**PROBLEM STATEMENT**
Filter these entries so that only lines with the word "ezdxf" remain.

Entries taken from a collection
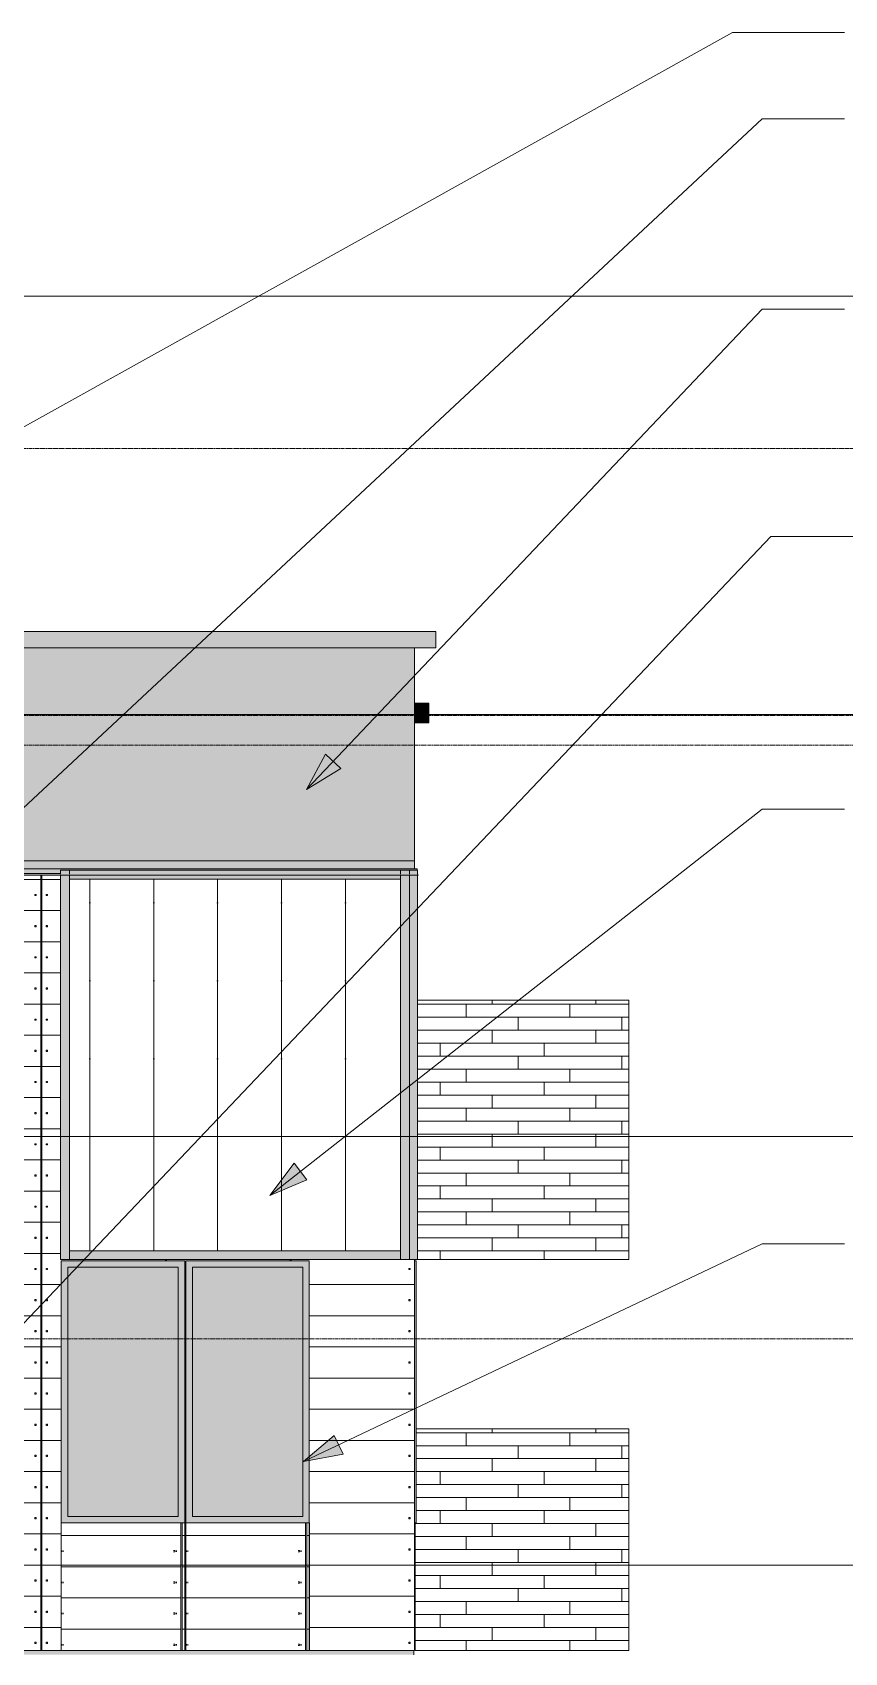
# Model space of a CAD drawing. Header units: inches. Extents: x 1750 to 7619, y -360 to 620.
# Drawn here: x 7106.3 to 7356.5, y 109.1 to 608.2 of the extents above; entities that cross this region are included whole.
import ezdxf

# ---------------------------------------------------------------- set-up
doc = ezdxf.new("R2010")
doc.units = ezdxf.units.IN
doc.header["$MEASUREMENT"] = 0
doc.linetypes.add('Aligning Line 1_8_', pattern=[0.25, 0.125, -0.125])
doc.linetypes.add('Grid Line 1_2_', pattern=[0.875, 0.5, -0.125, 0.125, -0.125])
for name, color, linetype, lineweight in [('0-4', 10, 'Continuous', 5), ('A-CLNG', 13, 'Continuous', 13), ('A-CLNG-1', 13, 'Continuous', 5), ('A-FLOR-LEVL-1', 51, 'Grid Line 1_2_', 9), ('A-GENM', 5, 'Continuous', 9), ('A-GLAZ', 151, 'Continuous', 13), ('A-GLAZ-1', 251, 'Continuous', 9), ('A-GLAZ-CWMG', 51, 'Continuous', 9), ('A-WALL', 113, 'Continuous', 13), ('A-WALL-PATT-1', 251, 'Continuous', 9), ('G-ANNO-SYMB', 111, 'Aligning Line 1_8_', 9), ('G-ANNO-SYMB-1', 191, 'Aligning Line 1_8_', 9), ('G-ANNO-SYMB-2', 147, 'Aligning Line 1_8_', 9), ('G-ANNO-TEXT', 231, 'Continuous', 9)]:
    doc.layers.add(name, color=color, linetype=linetype, lineweight=lineweight)

# ---------------------------------------------------------------- blocks, each defined once
blk = doc.blocks.new('CTR - 2nd Phase_rvt-2-BUILDING ELEVATION - NORTH')
at = {"layer": 'A-FLOR-LEVL-1'}
for p, q in [((-12558.48, 398), (-9609.49, 398)), ((-12558.48, 268), (-9609.49, 268)), ((-12558.48, 136), (-9609.49, 136))]:
    blk.add_line(p, q, dxfattribs=at)
at = {"layer": 'G-ANNO-SYMB-1'}
for p, q in [((-12461.79, 526.95), (-9706.16, 526.95)), ((-12461.79, 388.59), (-9706.16, 388.59))]:
    blk.add_line(p, q, dxfattribs=at)
blk = doc.blocks.new('CTR - 1st Phase - Common Walls_rvt-2-BUILDING ELEVATION - NORTH')
at = {"layer": 'A-FLOR-LEVL-1'}
for p, q in [((-12558.48, 398), (-9609.49, 398)), ((-12558.48, 268), (-9609.49, 268)), ((-12558.48, 136), (-9609.49, 136))]:
    blk.add_line(p, q, dxfattribs=at)
at = {"layer": 'G-ANNO-SYMB-2'}
for p, q in [((-12461.73, 526.95), (-9706.24, 526.95)), ((-12428.12, 526.95), (-9706.24, 526.95)), ((-12363.34, 526.95), (-9706.24, 526.95)), ((-12461.79, 480), (-9706.16, 480))]:
    blk.add_line(p, q, dxfattribs=at)
blk = doc.blocks.new('CTR - 1st Phase -Stairs _ Elevators_rvt-2-BUILDING ELEVATION - NORTH')
at = {"layer": 'A-FLOR-LEVL-1'}
for p, q in [((-12558.48, 398), (-9609.49, 398)), ((-12558.48, 268), (-9609.49, 268)), ((-12558.48, 136), (-9609.49, 136))]:
    blk.add_line(p, q, dxfattribs=at)
at = {"layer": 'G-ANNO-SYMB-2'}
blk.add_line((-12461.73, 526.95), (-9706.24, 526.95), dxfattribs=at)
blk = doc.blocks.new('Basic Wall _ EXT - FIBER CEMENT - LARGE - ___-2162461-BUILDING ELEVATION - NORTH')
at = {"layer": 'A-WALL'}
for points in [[(-9980.19, 350.53), (-9980.16, 350.53), (-9980.19, 353), (-10348, 353), (-10348, 350.53), (-9980.65, 350.53)], [(-10317.41, 350.46), (-9979.41, 350.46), (-9980.65, 350.53), (-10348, 350.5), (-10347.99, 350.46), (-10319.41, 350.46)], [(-10136.73, 349.02), (-10089.2, 349.02), (-10089.2, 350.12), (-9979.41, 350.12), (-9979.41, 350.46), (-10348, 350.46), (-10348, 349.02), (-10158.26, 349.02)], [(-9980.24, 348.68), (-9979.13, 348.68), (-9979.25, 348.83), (-10089.2, 348.83), (-10089.2, 349.02), (-10348, 349.02), (-10348, 348.68), (-9980.65, 348.68)], [(-10317.84, 348.55), (-9979.11, 348.59), (-9979.13, 348.68), (-10348, 348.64), (-10348, 348.55), (-10319.41, 348.55)]]:
    blk.add_hatch(color=256, dxfattribs=at).paths.add_polyline_path(points, flags=0)
for p, q in [((-10348, 353), (-9980.16, 353)), ((-10348, 350.53), (-9980.16, 350.53)), ((-10348, 350.46), (-9979.41, 350.46)), ((-9980.16, 353), (-9980.16, 350.53)), ((-9980.16, 350.53), (-9979.41, 350.46)), ((-9979.41, 350.46), (-9979.41, 350.12)), ((-10348, 349.02), (-10089.2, 349.02)), ((-10348, 348.51), (-9979.22, 348.51)), ((-9979.25, 348.83), (-9979.13, 348.68)), ((-9979.14, 348.55), (-9979.16, 348.53))]:
    blk.add_line(p, q, dxfattribs=at)
at = {"layer": 'A-WALL', "flags": 128}
for points in [[(-9979.16, 348.53), (-9979.18, 348.52), (-9979.21, 348.51), (-9979.23, 348.51)], [(-9979.13, 348.68), (-9979.11, 348.66), (-9979.11, 348.64), (-9979.11, 348.61), (-9979.11, 348.59), (-9979.12, 348.57), (-9979.14, 348.55)]]:
    blk.add_lwpolyline(points, dxfattribs=at)
blk = doc.blocks.new('Basic Wall _ EXT - FIBER CEMENT - SMALL - ___-2145935-BUILDING ELEVATION - NORTH')
at = {"layer": 'A-WALL'}
blk.add_hatch(color=256, dxfattribs=at).paths.add_polyline_path([(-12111.96, 418.54), (-9973.63, 418.54), (-9973.63, 423.66), (-12125.15, 423.66), (-12125.15, 418.54), (-12117.34, 418.54)], flags=0)
for p, q in [((-12125.15, 423.66), (-9973.63, 423.66)), ((-9973.63, 423.66), (-9973.63, 418.54)), ((-12125.15, 418.54), (-9973.63, 418.54))]:
    blk.add_line(p, q, dxfattribs=at)
blk = doc.blocks.new('_THE_ WINDOW _ DOOR - Window - 2nd Floor - small-2154622-BUILDING ELEVATION - NORTH')
at = {"layer": 'A-GLAZ'}
h = blk.add_hatch(color=256, dxfattribs=at)
h.paths.add_polyline_path([(-12074.28, 149), (-12047.98, 149), (-12047.98, 229.75), (-12086, 229.75), (-12086, 149), (-12084, 149)], flags=0)
h.paths.add_polyline_path([(-12074.28, 151), (-12084, 151), (-12084, 227.75), (-12049.98, 227.75), (-12049.98, 151)], flags=0)
blk.add_hatch(color=256, dxfattribs=at).paths.add_polyline_path([(-12074.28, 151), (-12049.98, 151), (-12049.98, 227.75), (-12084, 227.75), (-12084, 151)], flags=0)
at = {"layer": 'A-GLAZ-1'}
h = blk.add_hatch(dxfattribs=at)
h.set_pattern_fill('FP_61', color=256, style=0, pattern_type=2)
h.set_pattern_definition([(0, (-12046.236, 168.854), (-38.4, 76.8), [0.392, -38.007]), (0, (-12046.236, 169.246), (-38.4, 76.8), [0.392, -38.007]), (0, (-12046.236, 178.454), (-38.4, 76.8), [0.392, -38.007]), (0, (-12046.236, 178.846), (-38.4, 76.8), [0.392, -38.007]), (0, (-12046.236, 188.054), (-38.4, 76.8), [0.392, -38.007]), (0, (-12046.236, 188.446), (-38.4, 76.8), [0.392, -38.007]), (0, (-12046.236, 197.654), (-38.4, 76.8), [0.392, -38.007]), (0, (-12046.236, 198.046), (-38.4, 76.8), [0.392, -38.007]), (0, (-12046.236, 207.254), (-38.4, 76.8), [0.392, -38.007]), (0, (-12046.236, 207.646), (-38.4, 76.8), [0.392, -38.007]), (0, (-12046.236, 216.854), (-38.4, 76.8), [0.392, -38.007]), (0, (-12046.236, 217.246), (-38.4, 76.8), [0.392, -38.007]), (0, (-12046.236, 226.454), (-38.4, 76.8), [0.392, -38.007]), (0, (-12046.236, 226.846), (-38.4, 76.8), [0.392, -38.007]), (0, (-12046.236, 236.054), (-38.4, 76.8), [0.392, -38.007]), (0, (-12046.236, 236.446), (-38.4, 76.8), [0.392, -38.007]), (0, (-12011.336, 168.854), (-38.4, 76.8), [0.392, -38.007]), (0, (-12011.336, 169.246), (-38.4, 76.8), [0.392, -38.007]), (0, (-12011.336, 178.454), (-38.4, 76.8), [0.392, -38.007]), (0, (-12011.336, 178.846), (-38.4, 76.8), [0.392, -38.007]), (0, (-12011.336, 188.054), (-38.4, 76.8), [0.392, -38.007]), (0, (-12011.336, 188.446), (-38.4, 76.8), [0.392, -38.007]), (0, (-12011.336, 197.654), (-38.4, 76.8), [0.392, -38.007]), (0, (-12011.336, 198.046), (-38.4, 76.8), [0.392, -38.007]), (0, (-12011.336, 207.254), (-38.4, 76.8), [0.392, -38.007]), (0, (-12011.336, 207.646), (-38.4, 76.8), [0.392, -38.007]), (0, (-12011.336, 216.854), (-38.4, 76.8), [0.392, -38.007]), (0, (-12011.336, 217.246), (-38.4, 76.8), [0.392, -38.007]), (0, (-12011.336, 226.454), (-38.4, 76.8), [0.392, -38.007]), (0, (-12011.336, 226.846), (-38.4, 76.8), [0.392, -38.007]), (0, (-12011.336, 236.054), (-38.4, 76.8), [0.392, -38.007]), (0, (-12011.336, 236.446), (-38.4, 76.8), [0.392, -38.007]), (90, (-12047.977, 164.25), (-38.4, 2e-15), [76.8, 0, 0, 0]), (90, (-12047.602, 164.25), (-38.4, 2e-15), [76.8, 0, 0, 0]), (90, (-12046.236, 168.854), (-38.4, 2e-15), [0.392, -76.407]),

**OUTPUT OF THE TASK**
import ezdxf
doc = ezdxf.new("R2010")
doc.units = ezdxf.units.IN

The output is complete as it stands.